No words can explain how i feel...

I know i do this to myself - i worry too much about everything, i tend to drink to excess at times and i often smoke weed (which i know is not helping me)...

But the escapism of intoxication is sometimes better for me, than having to realise that i'm socially unadapted.

People annoy me, I annoy myself - I get frustrated at all the injustices in the world. I sometimes don't feel like i even belong to the same species.

BUT - I'm good at hiding it (most of the time) , people say i'm a funny guy and make people laugh, but i don't feel that way , although i can be sociable i dislike the petty rubbish that most people seem so fascinating... I also feel selfish and guilty for feeling sorry for myself, when there are people starving on the other side of the planet. This is why i don't talk about it much...

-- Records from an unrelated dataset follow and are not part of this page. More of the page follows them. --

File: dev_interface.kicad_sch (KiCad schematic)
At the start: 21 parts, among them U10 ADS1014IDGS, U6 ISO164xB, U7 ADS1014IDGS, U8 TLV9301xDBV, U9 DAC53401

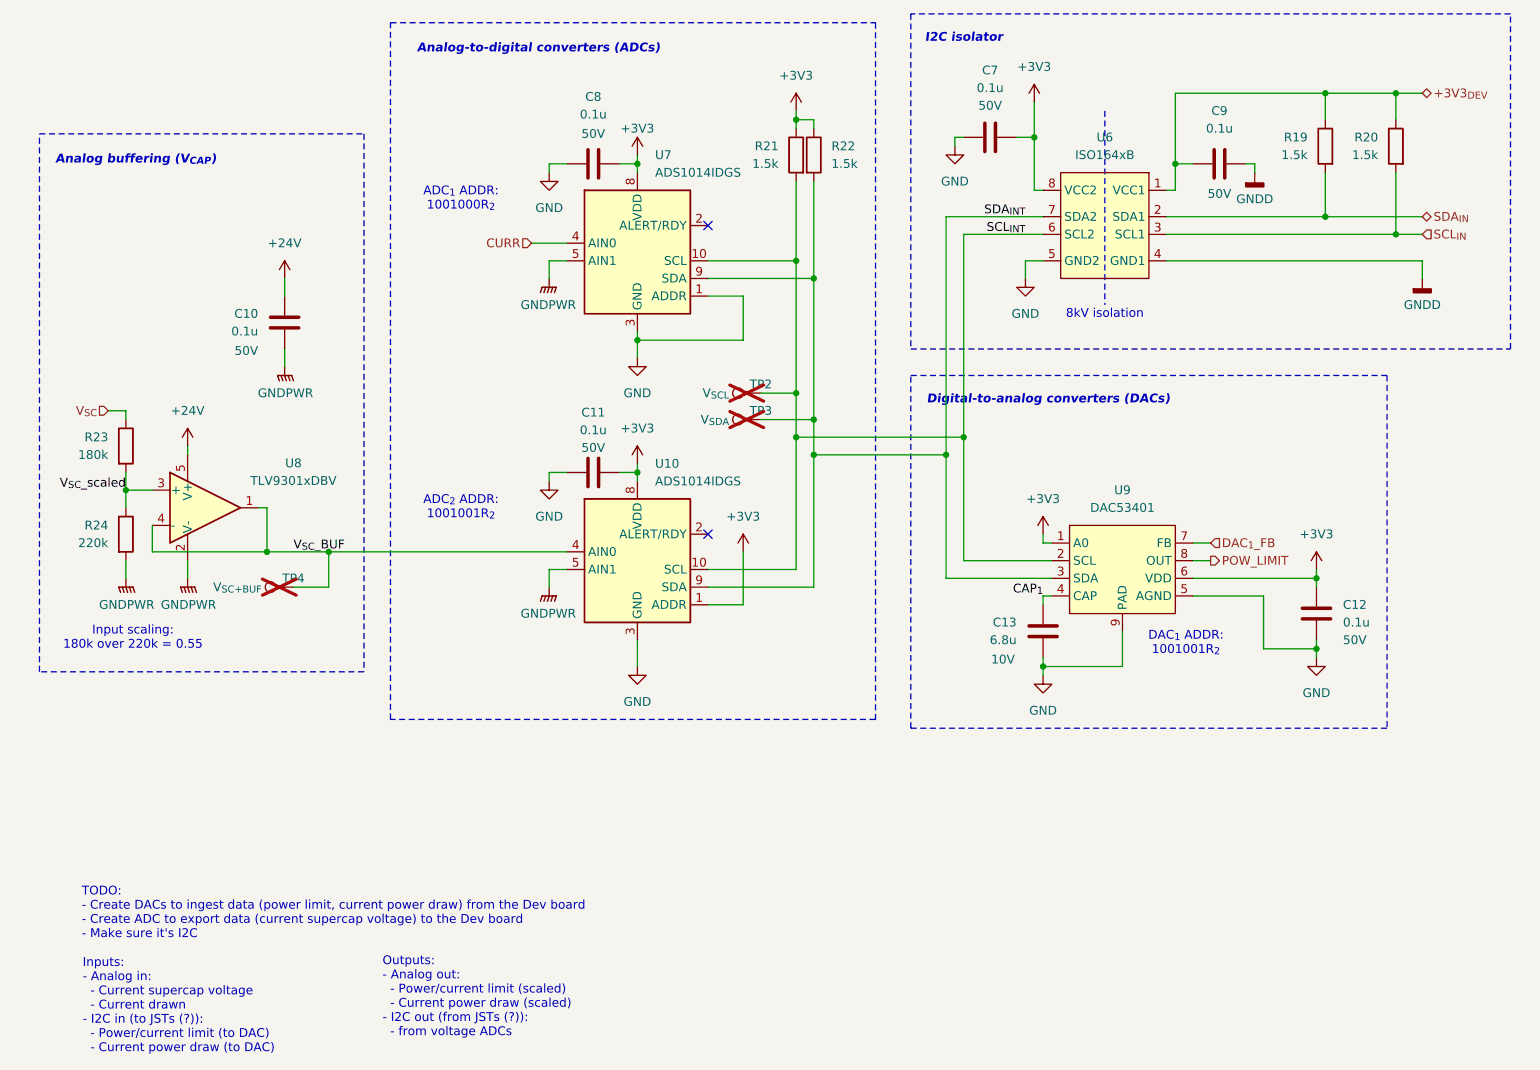
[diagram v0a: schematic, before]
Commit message: Update PCB to fix ERC breaks
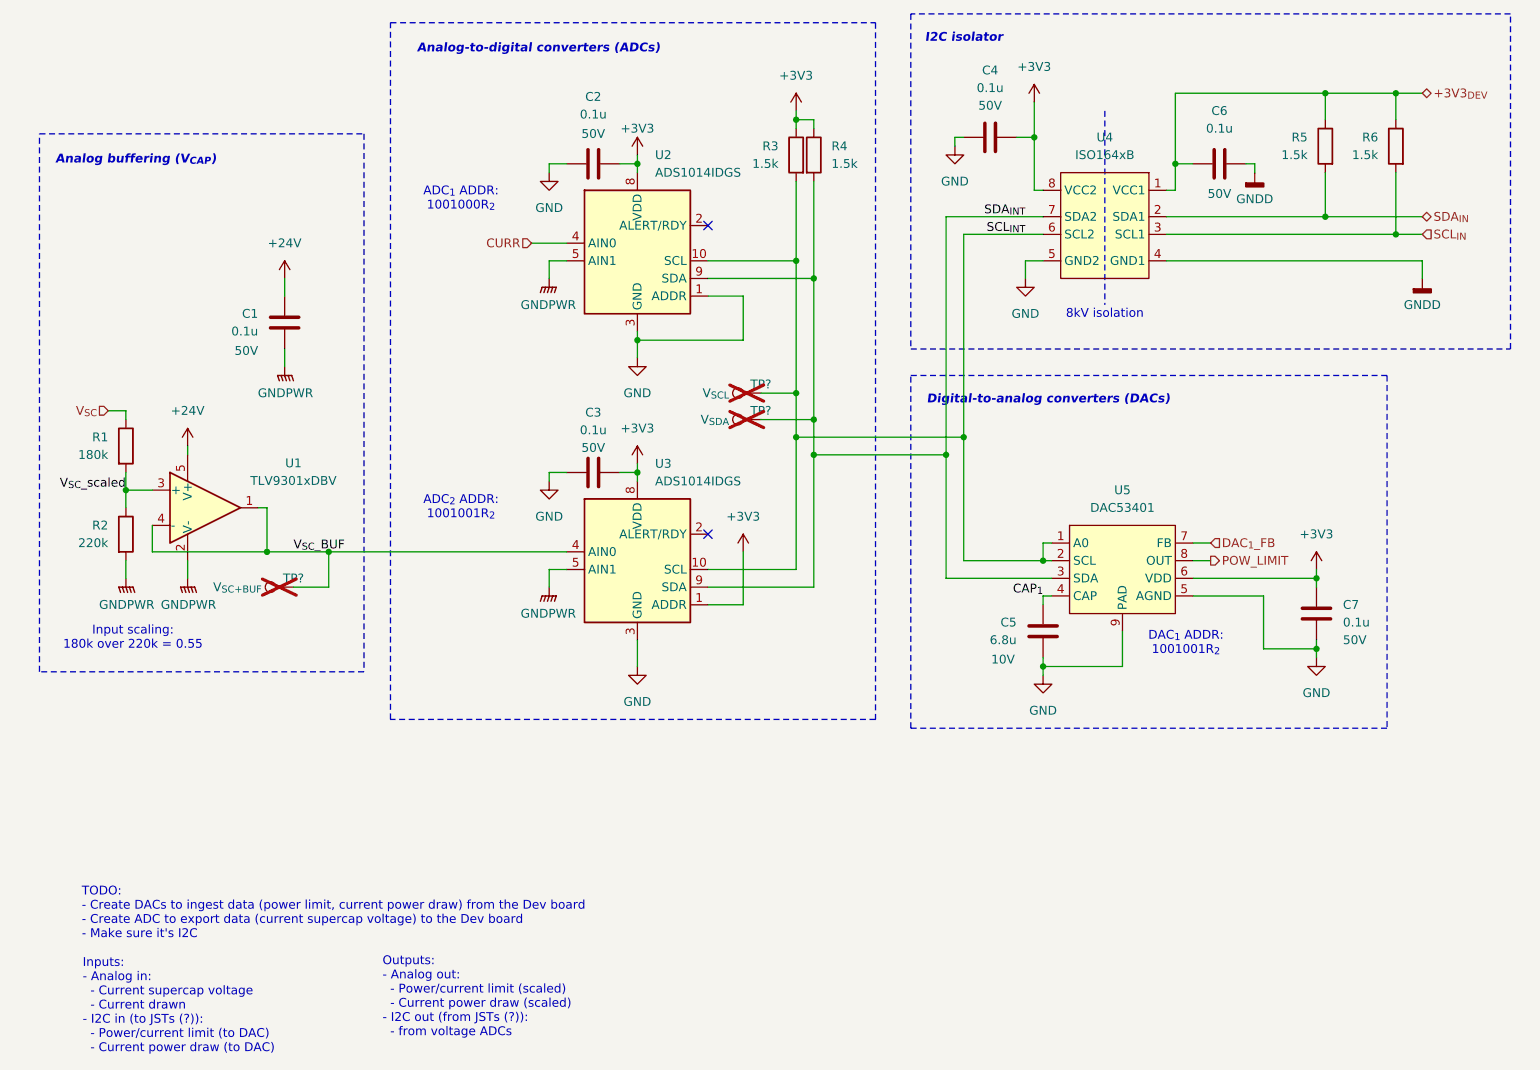
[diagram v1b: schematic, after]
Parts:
- renumbered C10 to C1, C8 to C2, C11 to C3, C7 to C4, C13 to C5, C9 to C6, C12 to C7, R23 to R1, R24 to R2, R21 to R3, R22 to R4, R19 to R5, R20 to R6, TP2 to TP?, TP3 to TP?, TP4 to TP?, U8 to U1, U7 to U2, U10 to U3, U6 to U4, U9 to U5
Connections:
- net +3V3: no longer U5.1 (A0)
- net SCL_{INT}: now also U5.1 (A0)

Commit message: Save dev interface subsheet
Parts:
- gave numbers to parts that had none: 3
- renumbered C4 to C1, C6 to C3, C1 to C4, C3 to C5, C7 to C6, C5 to C7, R5 to R1, R6 to R2, R1 to R5, R2 to R6, U4 to U1, U1 to U3, U5 to U4, U3 to U5

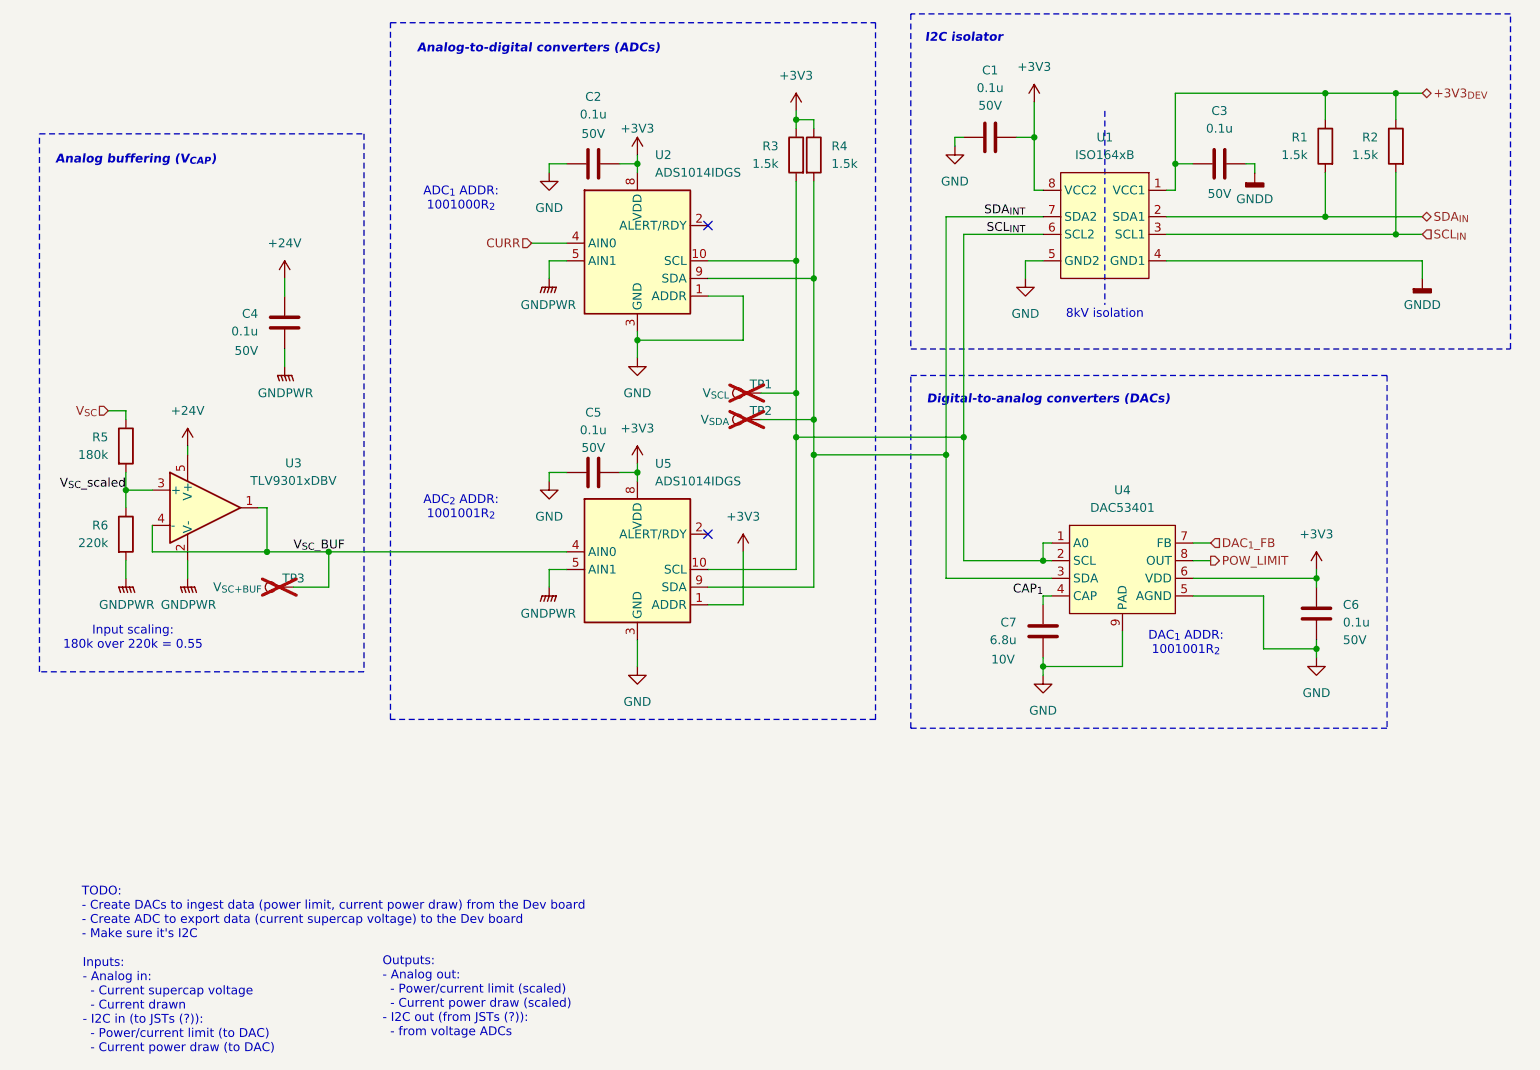
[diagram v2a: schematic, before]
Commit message: Placed footprints for boost stage 1 layout
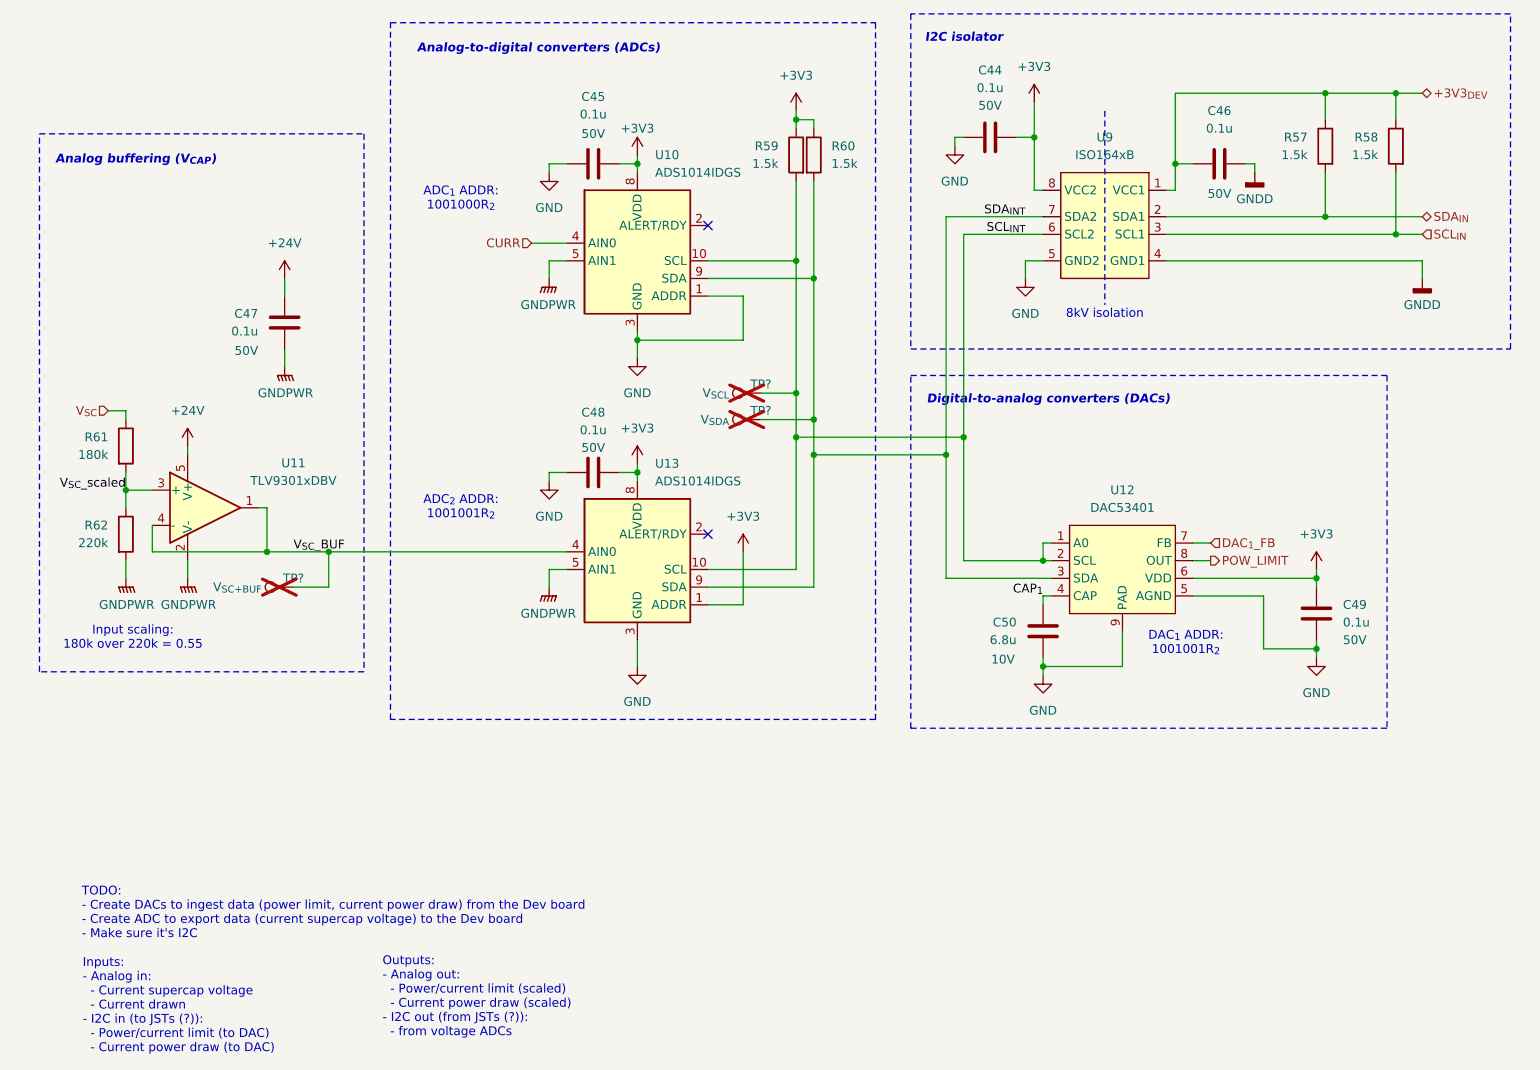
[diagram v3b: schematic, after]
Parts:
- renumbered C1 to C44, C2 to C45, C3 to C46, C4 to C47, C5 to C48, C6 to C49, C7 to C50, R1 to R57, R2 to R58, R3 to R59, R4 to R60, R5 to R61, R6 to R62, TP1 to TP?, TP2 to TP?, TP3 to TP?, U2 to U10, U3 to U11, U4 to U12, U5 to U13, U1 to U9
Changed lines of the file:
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@@
 		(on_board yes)
 		(dnp no)
-		(property "Reference" "U5"
+		(property "Reference" "U13"
 			(at 132.08 104.14 0)
 			(effects
@@
 		(dnp no)
 		(fields_autoplaced yes)
-		(property "Reference" "#PWR0101"
+		(property "Reference" "#PWR067"
 			(at 185.42 83.82 0)
 			(effects
@@
 		(dnp no)
 		(fields_autoplaced yes)
-		(property "Reference" "#PWR0110"
+		(property "Reference" "#PWR081"
 			(at 129.54 139.7 0)
 			(effects
@@
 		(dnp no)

I've decided to bite the bullet and go and see a doctor and a councillor this week.... Maybe they can help me.

Wish me luck.

mystic3178
17-01-10, 19:09
Hi Len82

Reading what you have said, I can relate to parts although I don't drink or smoke. Your comment about being a funny guy is similar to me. In my case, I know what caused me to go partly over the edge - being too nice a guy plus I also worry about everything and not able to use the word 'No'

Stick with it and Let us know how you get on with the Doctor. Seemily, most of our problems are just down to oversentisitised nerves. The problem is, how to de-sensitise them!!